First I have a unique jewelry find. What can be more diverting from distressful circumstances than shopping for pretty things? This high frequency jewelry has natural energy properties tailored to one’s particular need. I see they’re selling out on Touch of Modern, so if you want one, don’t miss out. You can also visit Om d’eon directly.

IMG_0381

Sometimes the best diversion is a cute animal doing something funny. What could be better than a raccoon pancake face?

IMG_0383

Okay, maybe it feels as if I’m wasting your time today. That would be terrible, right? Surely wasting time is never a good thing.
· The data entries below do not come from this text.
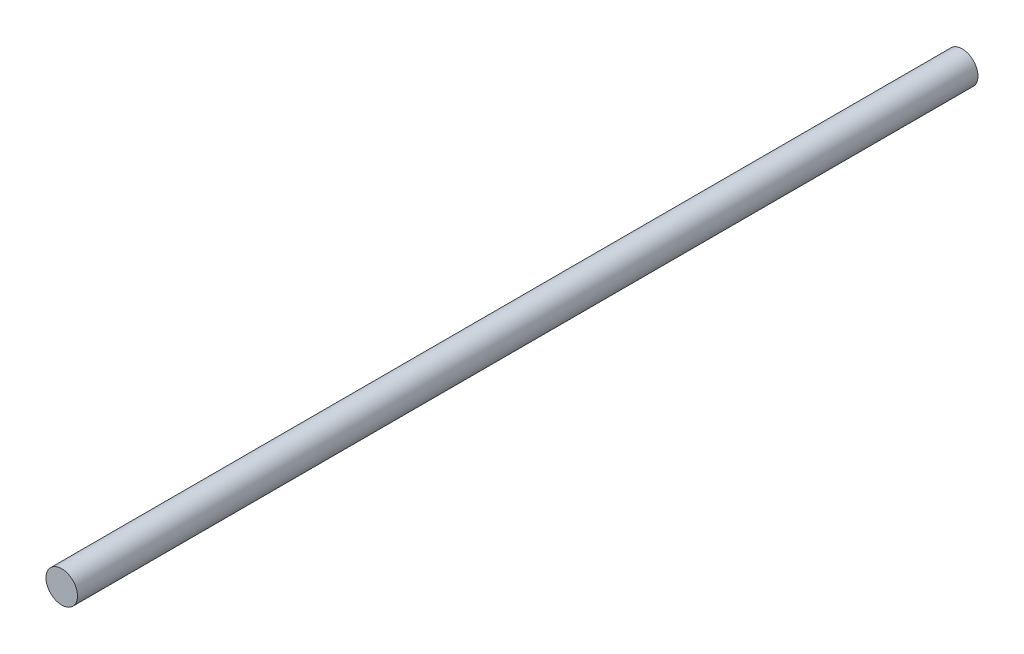
ISO-10303-21;
HEADER;
FILE_DESCRIPTION(('STEP AP214'),'2;1');
FILE_NAME('part.step','',(''),(''),'','','');
FILE_SCHEMA(('AUTOMOTIVE_DESIGN { 1 0 10303 214 1 1 1 1 }'));
ENDSEC;
DATA;
#1=APPLICATION_CONTEXT('core data for automotive mechanical design processes');
#2=APPLICATION_PROTOCOL_DEFINITION('international standard','automotive_design',2000,#1);
#3=PRODUCT_CONTEXT('',#1,'mechanical');
#4=PRODUCT('Part','Part','',(#3));
#5=PRODUCT_RELATED_PRODUCT_CATEGORY('part','',(#4));
#6=PRODUCT_DEFINITION_FORMATION('','',#4);
#7=PRODUCT_DEFINITION_CONTEXT('part definition',#1,'design');
#8=PRODUCT_DEFINITION('design','',#6,#7);
#9=PRODUCT_DEFINITION_SHAPE('','',#8);
#10=(LENGTH_UNIT() NAMED_UNIT(*) SI_UNIT(.MILLI.,.METRE.));
#11=(NAMED_UNIT(*) PLANE_ANGLE_UNIT() SI_UNIT($,.RADIAN.));
#12=(NAMED_UNIT(*) SI_UNIT($,.STERADIAN.) SOLID_ANGLE_UNIT());
#13=UNCERTAINTY_MEASURE_WITH_UNIT(LENGTH_MEASURE(1.E-05),#10,'distance_accuracy_value','');
#14=(GEOMETRIC_REPRESENTATION_CONTEXT(3) GLOBAL_UNCERTAINTY_ASSIGNED_CONTEXT((#13)) GLOBAL_UNIT_ASSIGNED_CONTEXT((#10,
#11,#12)) REPRESENTATION_CONTEXT('',''));
#15=CARTESIAN_POINT('',(0.,0.,0.));
#16=DIRECTION('',(0.,0.,1.));
#17=DIRECTION('',(1.,0.,0.));
#18=AXIS2_PLACEMENT_3D('',#15,#16,#17);
#19=CARTESIAN_POINT('',(0.,0.,40.));
#20=DIRECTION('',(0.,0.,-1.));
#21=DIRECTION('',(-1.,0.,0.));
#22=AXIS2_PLACEMENT_3D('',#19,#20,#21);
#23=CYLINDRICAL_SURFACE('',#22,0.7);
#24=CARTESIAN_POINT('',(0.,0.,40.));
#25=DIRECTION('',(0.,0.,1.));
#26=DIRECTION('',(1.,0.,0.));
#27=AXIS2_PLACEMENT_3D('',#24,#25,#26);
#28=CIRCLE('',#27,0.7);
#29=CARTESIAN_POINT('',(0.7,0.,40.));
#30=VERTEX_POINT('',#29);
#31=EDGE_CURVE('E10',#30,#30,#28,.T.);
#32=ORIENTED_EDGE('',*,*,#31,.F.);
#33=EDGE_LOOP('',(#32));
#34=FACE_BOUND('',#33,.T.);
#35=CARTESIAN_POINT('',(0.,0.,0.));
#36=DIRECTION('',(0.,0.,1.));
#37=DIRECTION('',(1.,0.,0.));
#38=AXIS2_PLACEMENT_3D('',#35,#36,#37);
#39=CIRCLE('',#38,0.7);
#40=CARTESIAN_POINT('',(0.7,0.,0.));
#41=VERTEX_POINT('',#40);
#42=EDGE_CURVE('E34',#41,#41,#39,.T.);
#43=ORIENTED_EDGE('',*,*,#42,.T.);
#44=EDGE_LOOP('',(#43));
#45=FACE_BOUND('',#44,.T.);
#46=ADVANCED_FACE('F31',(#34,#45),#23,.T.);
#47=CARTESIAN_POINT('',(0.,0.,40.));
#48=DIRECTION('',(0.,0.,1.));
#49=DIRECTION('',(1.,0.,0.));
#50=AXIS2_PLACEMENT_3D('',#47,#48,#49);
#51=PLANE('',#50);
#52=ORIENTED_EDGE('',*,*,#31,.T.);
#53=EDGE_LOOP('',(#52));
#54=FACE_BOUND('',#53,.T.);
#55=ADVANCED_FACE('F46',(#54),#51,.T.);
#56=CARTESIAN_POINT('',(0.,0.,0.));
#57=DIRECTION('',(0.,0.,1.));
#58=DIRECTION('',(1.,0.,0.));
#59=AXIS2_PLACEMENT_3D('',#56,#57,#58);
#60=PLANE('',#59);
#61=ORIENTED_EDGE('',*,*,#42,.F.);
#62=EDGE_LOOP('',(#61));
#63=FACE_BOUND('',#62,.T.);
#64=ADVANCED_FACE('F44',(#63),#60,.F.);
#65=CLOSED_SHELL('',(#46,#55,#64));
#66=MANIFOLD_SOLID_BREP('B2',#65);
#67=ADVANCED_BREP_SHAPE_REPRESENTATION('',(#18,#66),#14);
#68=SHAPE_DEFINITION_REPRESENTATION(#9,#67);
ENDSEC;
END-ISO-10303-21;
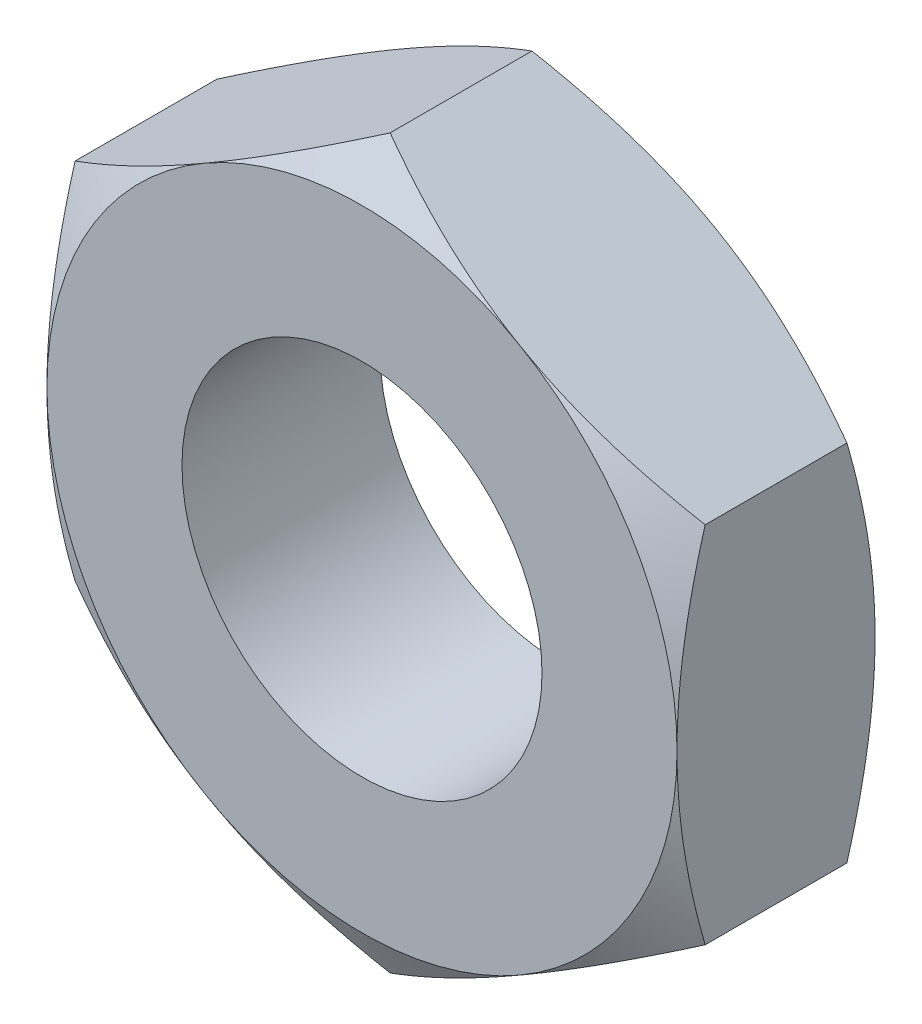
ISO-10303-21;
HEADER;
FILE_DESCRIPTION(('STEP AP214'),'2;1');
FILE_NAME('part.step','',(''),(''),'','','');
FILE_SCHEMA(('AUTOMOTIVE_DESIGN { 1 0 10303 214 1 1 1 1 }'));
ENDSEC;
DATA;
#1=APPLICATION_CONTEXT('core data for automotive mechanical design processes');
#2=APPLICATION_PROTOCOL_DEFINITION('international standard','automotive_design',2000,#1);
#3=PRODUCT_CONTEXT('',#1,'mechanical');
#4=PRODUCT('Part','Part','',(#3));
#5=PRODUCT_RELATED_PRODUCT_CATEGORY('part','',(#4));
#6=PRODUCT_DEFINITION_FORMATION('','',#4);
#7=PRODUCT_DEFINITION_CONTEXT('part definition',#1,'design');
#8=PRODUCT_DEFINITION('design','',#6,#7);
#9=PRODUCT_DEFINITION_SHAPE('','',#8);
#10=(LENGTH_UNIT() NAMED_UNIT(*) SI_UNIT(.MILLI.,.METRE.));
#11=(NAMED_UNIT(*) PLANE_ANGLE_UNIT() SI_UNIT($,.RADIAN.));
#12=(NAMED_UNIT(*) SI_UNIT($,.STERADIAN.) SOLID_ANGLE_UNIT());
#13=UNCERTAINTY_MEASURE_WITH_UNIT(LENGTH_MEASURE(1.E-05),#10,'distance_accuracy_value','');
#14=(GEOMETRIC_REPRESENTATION_CONTEXT(3) GLOBAL_UNCERTAINTY_ASSIGNED_CONTEXT((#13)) GLOBAL_UNIT_ASSIGNED_CONTEXT((#10,
#11,#12)) REPRESENTATION_CONTEXT('',''));
#15=CARTESIAN_POINT('',(0.,0.,0.));
#16=DIRECTION('',(0.,0.,1.));
#17=DIRECTION('',(1.,0.,0.));
#18=AXIS2_PLACEMENT_3D('',#15,#16,#17);
#19=CARTESIAN_POINT('',(0.,0.,-1.1));
#20=DIRECTION('',(0.,0.,1.));
#21=DIRECTION('',(1.,0.,0.));
#22=AXIS2_PLACEMENT_3D('',#19,#20,#21);
#23=PLANE('',#22);
#24=CARTESIAN_POINT('',(0.,0.,-1.1));
#25=DIRECTION('',(0.,0.,1.));
#26=DIRECTION('',(1.,0.,0.));
#27=AXIS2_PLACEMENT_3D('',#24,#25,#26);
#28=CIRCLE('',#27,2.);
#29=CARTESIAN_POINT('',(2.,0.,-1.1));
#30=VERTEX_POINT('',#29);
#31=EDGE_CURVE('E250',#30,#30,#28,.T.);
#32=ORIENTED_EDGE('',*,*,#31,.T.);
#33=EDGE_LOOP('',(#32));
#34=FACE_BOUND('',#33,.T.);
#35=CARTESIAN_POINT('',(0.,0.,-1.1));
#36=DIRECTION('',(0.,0.,1.));
#37=DIRECTION('',(1.,0.,0.));
#38=AXIS2_PLACEMENT_3D('',#35,#36,#37);
#39=CIRCLE('',#38,3.5);
#40=CARTESIAN_POINT('',(3.5,0.,-1.1));
#41=VERTEX_POINT('',#40);
#42=CARTESIAN_POINT('',(1.75,3.03108891324554,-1.1));
#43=VERTEX_POINT('',#42);
#44=EDGE_CURVE('E131',#41,#43,#39,.T.);
#45=ORIENTED_EDGE('',*,*,#44,.F.);
#46=CARTESIAN_POINT('',(0.,0.,-1.1));
#47=DIRECTION('',(0.,0.,1.));
#48=DIRECTION('',(1.,0.,0.));
#49=AXIS2_PLACEMENT_3D('',#46,#47,#48);
#50=CIRCLE('',#49,3.5);
#51=CARTESIAN_POINT('',(1.75,-3.03108891324553,-1.1));
#52=VERTEX_POINT('',#51);
#53=EDGE_CURVE('E12',#41,#52,#50,.F.);
#54=ORIENTED_EDGE('',*,*,#53,.T.);
#55=CARTESIAN_POINT('',(-1.75,-3.03108891324553,-1.1));
#56=VERTEX_POINT('',#55);
#57=EDGE_CURVE('E43',#52,#56,#50,.F.);
#58=ORIENTED_EDGE('',*,*,#57,.T.);
#59=CARTESIAN_POINT('',(-3.5,0.,-1.1));
#60=VERTEX_POINT('',#59);
#61=EDGE_CURVE('E309',#56,#60,#50,.F.);
#62=ORIENTED_EDGE('',*,*,#61,.T.);
#63=CARTESIAN_POINT('',(-1.75,3.03108891324553,-1.1));
#64=VERTEX_POINT('',#63);
#65=EDGE_CURVE('E143',#60,#64,#50,.F.);
#66=ORIENTED_EDGE('',*,*,#65,.T.);
#67=EDGE_CURVE('E44',#64,#43,#50,.F.);
#68=ORIENTED_EDGE('',*,*,#67,.T.);
#69=EDGE_LOOP('',(#45,#54,#58,#62,#66,#68));
#70=FACE_BOUND('',#69,.T.);
#71=ADVANCED_FACE('F34',(#34,#70),#23,.F.);
#72=CARTESIAN_POINT('',(0.,0.,1.1));
#73=DIRECTION('',(0.,0.,1.));
#74=DIRECTION('',(1.,0.,0.));
#75=AXIS2_PLACEMENT_3D('',#72,#73,#74);
#76=PLANE('',#75);
#77=CARTESIAN_POINT('',(0.,0.,1.1));
#78=DIRECTION('',(0.,0.,1.));
#79=DIRECTION('',(1.,0.,0.));
#80=AXIS2_PLACEMENT_3D('',#77,#78,#79);
#81=CIRCLE('',#80,2.);
#82=CARTESIAN_POINT('',(2.,0.,1.1));
#83=VERTEX_POINT('',#82);
#84=EDGE_CURVE('E246',#83,#83,#81,.T.);
#85=ORIENTED_EDGE('',*,*,#84,.F.);
#86=EDGE_LOOP('',(#85));
#87=FACE_BOUND('',#86,.T.);
#88=CARTESIAN_POINT('',(0.,0.,1.1));
#89=DIRECTION('',(0.,0.,1.));
#90=DIRECTION('',(1.,0.,0.));
#91=AXIS2_PLACEMENT_3D('',#88,#89,#90);
#92=CIRCLE('',#91,3.5);
#93=CARTESIAN_POINT('',(1.75,-3.03108891324553,1.1));
#94=VERTEX_POINT('',#93);
#95=CARTESIAN_POINT('',(3.5,0.,1.1));
#96=VERTEX_POINT('',#95);
#97=EDGE_CURVE('E291',#94,#96,#92,.T.);
#98=ORIENTED_EDGE('',*,*,#97,.T.);
#99=CARTESIAN_POINT('',(1.75,3.03108891324554,1.1));
#100=VERTEX_POINT('',#99);
#101=EDGE_CURVE('E280',#96,#100,#92,.T.);
#102=ORIENTED_EDGE('',*,*,#101,.T.);
#103=CARTESIAN_POINT('',(-1.75,3.03108891324553,1.1));
#104=VERTEX_POINT('',#103);
#105=EDGE_CURVE('E284',#100,#104,#92,.T.);
#106=ORIENTED_EDGE('',*,*,#105,.T.);
#107=CARTESIAN_POINT('',(-3.5,0.,1.1));
#108=VERTEX_POINT('',#107);
#109=EDGE_CURVE('E288',#104,#108,#92,.T.);
#110=ORIENTED_EDGE('',*,*,#109,.T.);
#111=CARTESIAN_POINT('',(-1.75,-3.03108891324554,1.1));
#112=VERTEX_POINT('',#111);
#113=EDGE_CURVE('E294',#108,#112,#92,.T.);
#114=ORIENTED_EDGE('',*,*,#113,.T.);
#115=EDGE_CURVE('E293',#112,#94,#92,.T.);
#116=ORIENTED_EDGE('',*,*,#115,.T.);
#117=EDGE_LOOP('',(#98,#102,#106,#110,#114,#116));
#118=FACE_BOUND('',#117,.T.);
#119=ADVANCED_FACE('F289',(#87,#118),#76,.T.);
#120=CARTESIAN_POINT('',(0.,4.04145188432738,1.1));
#121=DIRECTION('',(0.5,-0.866025403784438,0.));
#122=DIRECTION('',(0.866025403784439,0.5,0.));
#123=AXIS2_PLACEMENT_3D('',#120,#121,#122);
#124=PLANE('',#123);
#125=DIRECTION('',(0.,0.,-1.));
#126=VECTOR('',#125,1.);
#127=CARTESIAN_POINT('',(0.,4.04145188432738,1.1));
#128=LINE('',#127,#126);
#129=CARTESIAN_POINT('',(0.,4.04145188432738,0.787392608830358));
#130=VERTEX_POINT('',#129);
#131=CARTESIAN_POINT('',(0.,4.04145188432738,-0.787392608830359));
#132=VERTEX_POINT('',#131);
#133=EDGE_CURVE('E249',#130,#132,#128,.T.);
#134=ORIENTED_EDGE('',*,*,#133,.T.);
#135=CARTESIAN_POINT('',(0.000200000000002078,4.04156735438122,-0.787325939306631));
#136=CARTESIAN_POINT('',(-0.153607178452448,3.9527667384984,-0.838614211010018));
#137=CARTESIAN_POINT('',(-0.308742010834422,3.86319960126198,-0.885259046183804));
#138=CARTESIAN_POINT('',(-0.621698006576779,3.68251437287562,-0.966678124466652));
#139=CARTESIAN_POINT('',(-0.779524730787493,3.59139307116725,-1.00142356441544));
#140=CARTESIAN_POINT('',(-1.09322221038012,3.41027974688034,-1.05550997281717));
#141=CARTESIAN_POINT('',(-1.24904469916069,3.32031559103708,-1.07521091373962));
#142=CARTESIAN_POINT('',(-1.56142288720537,3.13996396008052,-1.09872986726275));
#143=CARTESIAN_POINT('',(-1.71797745103423,3.04957714051106,-1.10256735545444));
#144=CARTESIAN_POINT('',(-2.01050921992099,2.88068384499777,-1.09458469812302));
#145=CARTESIAN_POINT('',(-2.1465302124579,2.80215208834114,-1.08472456593039));
#146=CARTESIAN_POINT('',(-2.41768602028899,2.64560020969753,-1.0534735331006));
#147=CARTESIAN_POINT('',(-2.55281989768468,2.56758062920649,-1.0320719567142));
#148=CARTESIAN_POINT('',(-2.82453479240518,2.41070596159678,-0.978569592119425));
#149=CARTESIAN_POINT('',(-2.96108141927834,2.33187072981463,-0.946242005554915));
#150=CARTESIAN_POINT('',(-3.2321380929445,2.17537608630783,-0.872871066192007));
#151=CARTESIAN_POINT('',(-3.36665161246854,2.09771466960098,-0.831844953430135));
#152=CARTESIAN_POINT('',(-3.5002,2.02061047210985,-0.787325939306631));
#153=B_SPLINE_CURVE_WITH_KNOTS('',3,(#135,#136,#137,#138,#139,#140,#141,#142,#143,#144,#145,
#146,#147,#148,#149,#150,#151,#152),.UNSPECIFIED.,.F.,.F.,(4,2,2,2,2,2,2,2,4),(0.,
0.554793832886254,1.11092123814984,1.65328467083219,2.19498204478403,2.6666513085086,
3.13875761298267,3.6213361260051,4.10296698719188),.UNSPECIFIED.);
#154=EDGE_CURVE('E57',#132,#64,#153,.T.);
#155=ORIENTED_EDGE('',*,*,#154,.T.);
#156=CARTESIAN_POINT('',(-3.5,2.02072594216369,-0.787392608830358));
#157=VERTEX_POINT('',#156);
#158=EDGE_CURVE('E176',#64,#157,#153,.T.);
#159=ORIENTED_EDGE('',*,*,#158,.T.);
#160=DIRECTION('',(0.,0.,-1.));
#161=VECTOR('',#160,1.);
#162=CARTESIAN_POINT('',(-3.5,2.02072594216369,1.1));
#163=LINE('',#162,#161);
#164=CARTESIAN_POINT('',(-3.5,2.02072594216369,0.787392608830358));
#165=VERTEX_POINT('',#164);
#166=EDGE_CURVE('E264',#165,#157,#163,.T.);
#167=ORIENTED_EDGE('',*,*,#166,.F.);
#168=CARTESIAN_POINT('',(0.000200000000002078,4.04156735438122,0.787325939306631));
#169=CARTESIAN_POINT('',(-0.153607178452448,3.9527667384984,0.838614211010018));
#170=CARTESIAN_POINT('',(-0.308742010834422,3.86319960126198,0.885259046183804));
#171=CARTESIAN_POINT('',(-0.621698006576779,3.68251437287562,0.966678124466652));
#172=CARTESIAN_POINT('',(-0.779524730787493,3.59139307116725,1.00142356441544));
#173=CARTESIAN_POINT('',(-1.09322221038012,3.41027974688034,1.05550997281717));
#174=CARTESIAN_POINT('',(-1.24904469916069,3.32031559103708,1.07521091373962));
#175=CARTESIAN_POINT('',(-1.56142288720537,3.13996396008052,1.09872986726275));
#176=CARTESIAN_POINT('',(-1.71797745103423,3.04957714051106,1.10256735545444));
#177=CARTESIAN_POINT('',(-2.01050921992099,2.88068384499777,1.09458469812302));
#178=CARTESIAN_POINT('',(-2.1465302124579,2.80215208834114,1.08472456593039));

Well, if you think so, you’d be wrong. Check out the Importance of Wasting Time.

IMG_0382

If you’d love to treat yourself to a pretty necklace but find some too expensive, why not make your own? Here’s a DIY beachy necklace that looks pretty easy, so check it out here.

Beauty is as beauty does. Let’s celebrate beauty today, look for the good, explore the overlooked, resonate with harmony and turn away from discord. It may require turning off the news for a while, as much as I vehemently support a free press and the hard work of those reporting and researching the truth. We need them desperately and the facts they unearth. Don’t let anyone tell you the mainstream media don’t matter. Without them we’d be left with rumor, innuendo, falsehood, doxxing, and outright fake news, hacking and selfish hatred.

So for now, let’s have a beautiful day!